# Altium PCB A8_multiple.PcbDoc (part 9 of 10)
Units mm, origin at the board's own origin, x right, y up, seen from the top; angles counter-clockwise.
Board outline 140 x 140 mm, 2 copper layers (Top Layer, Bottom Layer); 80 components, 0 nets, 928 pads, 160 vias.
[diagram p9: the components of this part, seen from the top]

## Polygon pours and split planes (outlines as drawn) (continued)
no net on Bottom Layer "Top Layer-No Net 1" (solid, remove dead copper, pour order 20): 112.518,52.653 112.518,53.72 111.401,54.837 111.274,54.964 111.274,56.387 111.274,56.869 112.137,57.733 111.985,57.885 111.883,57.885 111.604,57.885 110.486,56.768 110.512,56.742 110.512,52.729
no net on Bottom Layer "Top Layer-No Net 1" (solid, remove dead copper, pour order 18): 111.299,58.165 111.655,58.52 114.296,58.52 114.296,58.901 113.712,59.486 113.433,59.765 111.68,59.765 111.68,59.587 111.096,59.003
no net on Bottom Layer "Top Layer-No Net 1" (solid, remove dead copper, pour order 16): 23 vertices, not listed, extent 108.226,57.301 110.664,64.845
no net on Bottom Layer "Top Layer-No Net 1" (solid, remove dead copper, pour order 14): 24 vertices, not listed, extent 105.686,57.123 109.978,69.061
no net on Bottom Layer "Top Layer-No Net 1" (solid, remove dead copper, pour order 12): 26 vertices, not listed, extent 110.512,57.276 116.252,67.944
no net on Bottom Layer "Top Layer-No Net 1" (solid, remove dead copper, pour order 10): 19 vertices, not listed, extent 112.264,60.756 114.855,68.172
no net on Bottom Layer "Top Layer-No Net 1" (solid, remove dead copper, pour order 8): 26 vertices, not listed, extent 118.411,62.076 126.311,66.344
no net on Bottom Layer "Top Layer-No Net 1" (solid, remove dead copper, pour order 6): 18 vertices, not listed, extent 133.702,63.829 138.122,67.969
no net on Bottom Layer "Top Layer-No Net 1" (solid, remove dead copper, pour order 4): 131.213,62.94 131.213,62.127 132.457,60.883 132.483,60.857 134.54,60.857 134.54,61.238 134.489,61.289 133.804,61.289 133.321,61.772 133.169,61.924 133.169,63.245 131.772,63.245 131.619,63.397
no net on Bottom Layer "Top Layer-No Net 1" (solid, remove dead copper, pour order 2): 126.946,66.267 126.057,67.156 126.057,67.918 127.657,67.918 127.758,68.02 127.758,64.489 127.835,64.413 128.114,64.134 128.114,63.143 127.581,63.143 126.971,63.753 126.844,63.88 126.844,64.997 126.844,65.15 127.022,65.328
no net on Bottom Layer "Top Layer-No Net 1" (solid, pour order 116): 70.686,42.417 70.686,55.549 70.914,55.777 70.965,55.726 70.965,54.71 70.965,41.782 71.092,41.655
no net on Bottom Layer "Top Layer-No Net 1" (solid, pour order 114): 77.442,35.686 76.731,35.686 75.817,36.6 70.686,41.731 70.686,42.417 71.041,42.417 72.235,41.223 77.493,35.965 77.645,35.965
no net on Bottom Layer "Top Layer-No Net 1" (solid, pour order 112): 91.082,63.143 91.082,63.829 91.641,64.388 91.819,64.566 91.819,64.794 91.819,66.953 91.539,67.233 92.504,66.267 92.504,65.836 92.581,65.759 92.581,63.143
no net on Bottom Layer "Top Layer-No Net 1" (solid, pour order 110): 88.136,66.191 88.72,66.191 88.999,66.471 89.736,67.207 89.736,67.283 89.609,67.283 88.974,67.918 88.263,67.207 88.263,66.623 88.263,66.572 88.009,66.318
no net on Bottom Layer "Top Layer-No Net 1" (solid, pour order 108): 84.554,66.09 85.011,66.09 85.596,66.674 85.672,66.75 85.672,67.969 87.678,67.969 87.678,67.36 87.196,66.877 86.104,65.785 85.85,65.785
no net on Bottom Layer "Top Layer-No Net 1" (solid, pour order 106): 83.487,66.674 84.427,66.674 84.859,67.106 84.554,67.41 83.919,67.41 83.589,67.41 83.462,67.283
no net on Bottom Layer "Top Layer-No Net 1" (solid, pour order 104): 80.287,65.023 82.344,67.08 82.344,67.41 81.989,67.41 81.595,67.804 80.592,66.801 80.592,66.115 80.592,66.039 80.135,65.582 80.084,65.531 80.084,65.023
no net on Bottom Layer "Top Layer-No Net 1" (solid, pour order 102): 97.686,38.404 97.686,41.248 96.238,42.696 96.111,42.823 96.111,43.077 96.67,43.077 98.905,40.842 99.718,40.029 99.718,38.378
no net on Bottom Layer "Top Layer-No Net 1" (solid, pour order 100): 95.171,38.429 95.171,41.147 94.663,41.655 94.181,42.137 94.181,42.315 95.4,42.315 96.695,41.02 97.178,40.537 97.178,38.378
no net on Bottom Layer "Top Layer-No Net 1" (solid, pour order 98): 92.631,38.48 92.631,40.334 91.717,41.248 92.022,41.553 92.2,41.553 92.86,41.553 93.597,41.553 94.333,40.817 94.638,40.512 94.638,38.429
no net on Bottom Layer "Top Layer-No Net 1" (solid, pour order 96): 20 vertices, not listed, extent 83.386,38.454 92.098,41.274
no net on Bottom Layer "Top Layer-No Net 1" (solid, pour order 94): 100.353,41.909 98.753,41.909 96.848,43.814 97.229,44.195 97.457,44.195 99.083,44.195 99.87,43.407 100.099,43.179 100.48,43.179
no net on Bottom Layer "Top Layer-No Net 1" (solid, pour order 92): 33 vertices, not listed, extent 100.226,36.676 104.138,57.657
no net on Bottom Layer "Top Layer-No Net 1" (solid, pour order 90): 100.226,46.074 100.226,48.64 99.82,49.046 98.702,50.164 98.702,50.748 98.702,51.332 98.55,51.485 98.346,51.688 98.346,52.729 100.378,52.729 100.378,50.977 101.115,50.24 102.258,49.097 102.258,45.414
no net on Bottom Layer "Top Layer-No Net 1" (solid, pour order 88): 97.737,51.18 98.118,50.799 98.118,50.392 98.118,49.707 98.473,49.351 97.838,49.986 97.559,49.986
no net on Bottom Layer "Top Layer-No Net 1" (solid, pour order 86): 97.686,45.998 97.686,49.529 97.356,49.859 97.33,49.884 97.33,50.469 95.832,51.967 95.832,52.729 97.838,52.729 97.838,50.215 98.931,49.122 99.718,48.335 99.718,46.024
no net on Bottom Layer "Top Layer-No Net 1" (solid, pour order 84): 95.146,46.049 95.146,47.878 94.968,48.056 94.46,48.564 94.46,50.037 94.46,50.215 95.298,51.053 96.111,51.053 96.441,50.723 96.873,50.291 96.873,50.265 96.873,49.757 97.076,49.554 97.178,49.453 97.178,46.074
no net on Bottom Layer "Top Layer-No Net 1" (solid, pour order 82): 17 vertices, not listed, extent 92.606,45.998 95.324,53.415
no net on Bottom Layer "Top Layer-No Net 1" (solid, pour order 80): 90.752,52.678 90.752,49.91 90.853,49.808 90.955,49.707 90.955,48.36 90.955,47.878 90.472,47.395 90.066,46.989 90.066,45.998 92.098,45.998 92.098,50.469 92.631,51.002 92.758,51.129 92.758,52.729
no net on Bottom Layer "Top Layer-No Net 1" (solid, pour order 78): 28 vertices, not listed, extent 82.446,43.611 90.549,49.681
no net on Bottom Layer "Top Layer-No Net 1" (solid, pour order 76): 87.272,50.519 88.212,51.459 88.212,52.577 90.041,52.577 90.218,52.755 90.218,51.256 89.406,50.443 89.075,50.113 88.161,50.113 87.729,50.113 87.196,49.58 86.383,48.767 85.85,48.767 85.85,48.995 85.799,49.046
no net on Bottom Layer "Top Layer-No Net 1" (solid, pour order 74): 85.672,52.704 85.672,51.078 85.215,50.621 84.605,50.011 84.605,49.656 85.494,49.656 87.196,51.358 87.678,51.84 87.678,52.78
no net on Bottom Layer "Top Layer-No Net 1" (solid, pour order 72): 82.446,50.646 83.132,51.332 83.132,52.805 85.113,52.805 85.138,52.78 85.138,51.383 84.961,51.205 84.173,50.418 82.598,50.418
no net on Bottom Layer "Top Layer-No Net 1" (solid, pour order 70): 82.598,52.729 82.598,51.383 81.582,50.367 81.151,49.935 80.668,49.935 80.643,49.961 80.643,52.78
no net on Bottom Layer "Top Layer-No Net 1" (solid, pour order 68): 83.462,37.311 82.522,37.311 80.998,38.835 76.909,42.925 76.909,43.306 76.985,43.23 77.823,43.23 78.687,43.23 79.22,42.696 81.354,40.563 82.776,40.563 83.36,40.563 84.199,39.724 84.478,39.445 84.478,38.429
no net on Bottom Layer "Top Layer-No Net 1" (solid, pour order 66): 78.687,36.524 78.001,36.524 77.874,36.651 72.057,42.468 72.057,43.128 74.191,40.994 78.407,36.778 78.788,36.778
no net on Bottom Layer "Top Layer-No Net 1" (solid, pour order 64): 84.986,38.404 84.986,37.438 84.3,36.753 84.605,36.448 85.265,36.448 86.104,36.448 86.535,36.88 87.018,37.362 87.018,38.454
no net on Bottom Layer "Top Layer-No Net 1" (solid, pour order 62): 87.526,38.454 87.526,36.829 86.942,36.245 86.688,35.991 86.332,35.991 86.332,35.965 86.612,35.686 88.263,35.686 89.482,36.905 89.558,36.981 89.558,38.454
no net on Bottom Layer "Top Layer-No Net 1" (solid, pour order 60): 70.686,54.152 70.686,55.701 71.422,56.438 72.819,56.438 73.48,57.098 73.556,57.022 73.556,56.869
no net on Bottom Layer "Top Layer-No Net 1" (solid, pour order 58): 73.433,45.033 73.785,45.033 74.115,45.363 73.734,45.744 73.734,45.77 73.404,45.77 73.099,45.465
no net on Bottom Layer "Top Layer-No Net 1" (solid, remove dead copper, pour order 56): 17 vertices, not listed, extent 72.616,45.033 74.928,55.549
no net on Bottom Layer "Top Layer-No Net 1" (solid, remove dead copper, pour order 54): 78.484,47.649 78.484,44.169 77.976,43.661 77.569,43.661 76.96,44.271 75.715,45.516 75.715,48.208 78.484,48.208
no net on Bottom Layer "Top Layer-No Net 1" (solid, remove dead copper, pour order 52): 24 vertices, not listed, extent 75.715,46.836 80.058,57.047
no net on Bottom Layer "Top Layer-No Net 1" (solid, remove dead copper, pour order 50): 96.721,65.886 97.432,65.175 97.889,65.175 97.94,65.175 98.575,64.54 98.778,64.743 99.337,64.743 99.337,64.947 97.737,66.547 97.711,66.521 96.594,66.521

----

● ACTIVITY
Starting with the line with "Units mm, origin" above and going on through the line with "extent 118.411,62.076 126.311,66.344", transcribe every line exactly, both ends included, and add nothing.

● REPLY TO THE TASK
Units mm, origin at the board's own origin, x right, y up, seen from the top; angles counter-clockwise.
Board outline 140 x 140 mm, 2 copper layers (Top Layer, Bottom Layer); 80 components, 0 nets, 928 pads, 160 vias.
[diagram p9: the components of this part, seen from the top]

## Polygon pours and split planes (outlines as drawn) (continued)
no net on Bottom Layer "Top Layer-No Net 1" (solid, remove dead copper, pour order 20): 112.518,52.653 112.518,53.72 111.401,54.837 111.274,54.964 111.274,56.387 111.274,56.869 112.137,57.733 111.985,57.885 111.883,57.885 111.604,57.885 110.486,56.768 110.512,56.742 110.512,52.729
no net on Bottom Layer "Top Layer-No Net 1" (solid, remove dead copper, pour order 18): 111.299,58.165 111.655,58.52 114.296,58.52 114.296,58.901 113.712,59.486 113.433,59.765 111.68,59.765 111.68,59.587 111.096,59.003
no net on Bottom Layer "Top Layer-No Net 1" (solid, remove dead copper, pour order 16): 23 vertices, not listed, extent 108.226,57.301 110.664,64.845
no net on Bottom Layer "Top Layer-No Net 1" (solid, remove dead copper, pour order 14): 24 vertices, not listed, extent 105.686,57.123 109.978,69.061
no net on Bottom Layer "Top Layer-No Net 1" (solid, remove dead copper, pour order 12): 26 vertices, not listed, extent 110.512,57.276 116.252,67.944
no net on Bottom Layer "Top Layer-No Net 1" (solid, remove dead copper, pour order 10): 19 vertices, not listed, extent 112.264,60.756 114.855,68.172
no net on Bottom Layer "Top Layer-No Net 1" (solid, remove dead copper, pour order 8): 26 vertices, not listed, extent 118.411,62.076 126.311,66.344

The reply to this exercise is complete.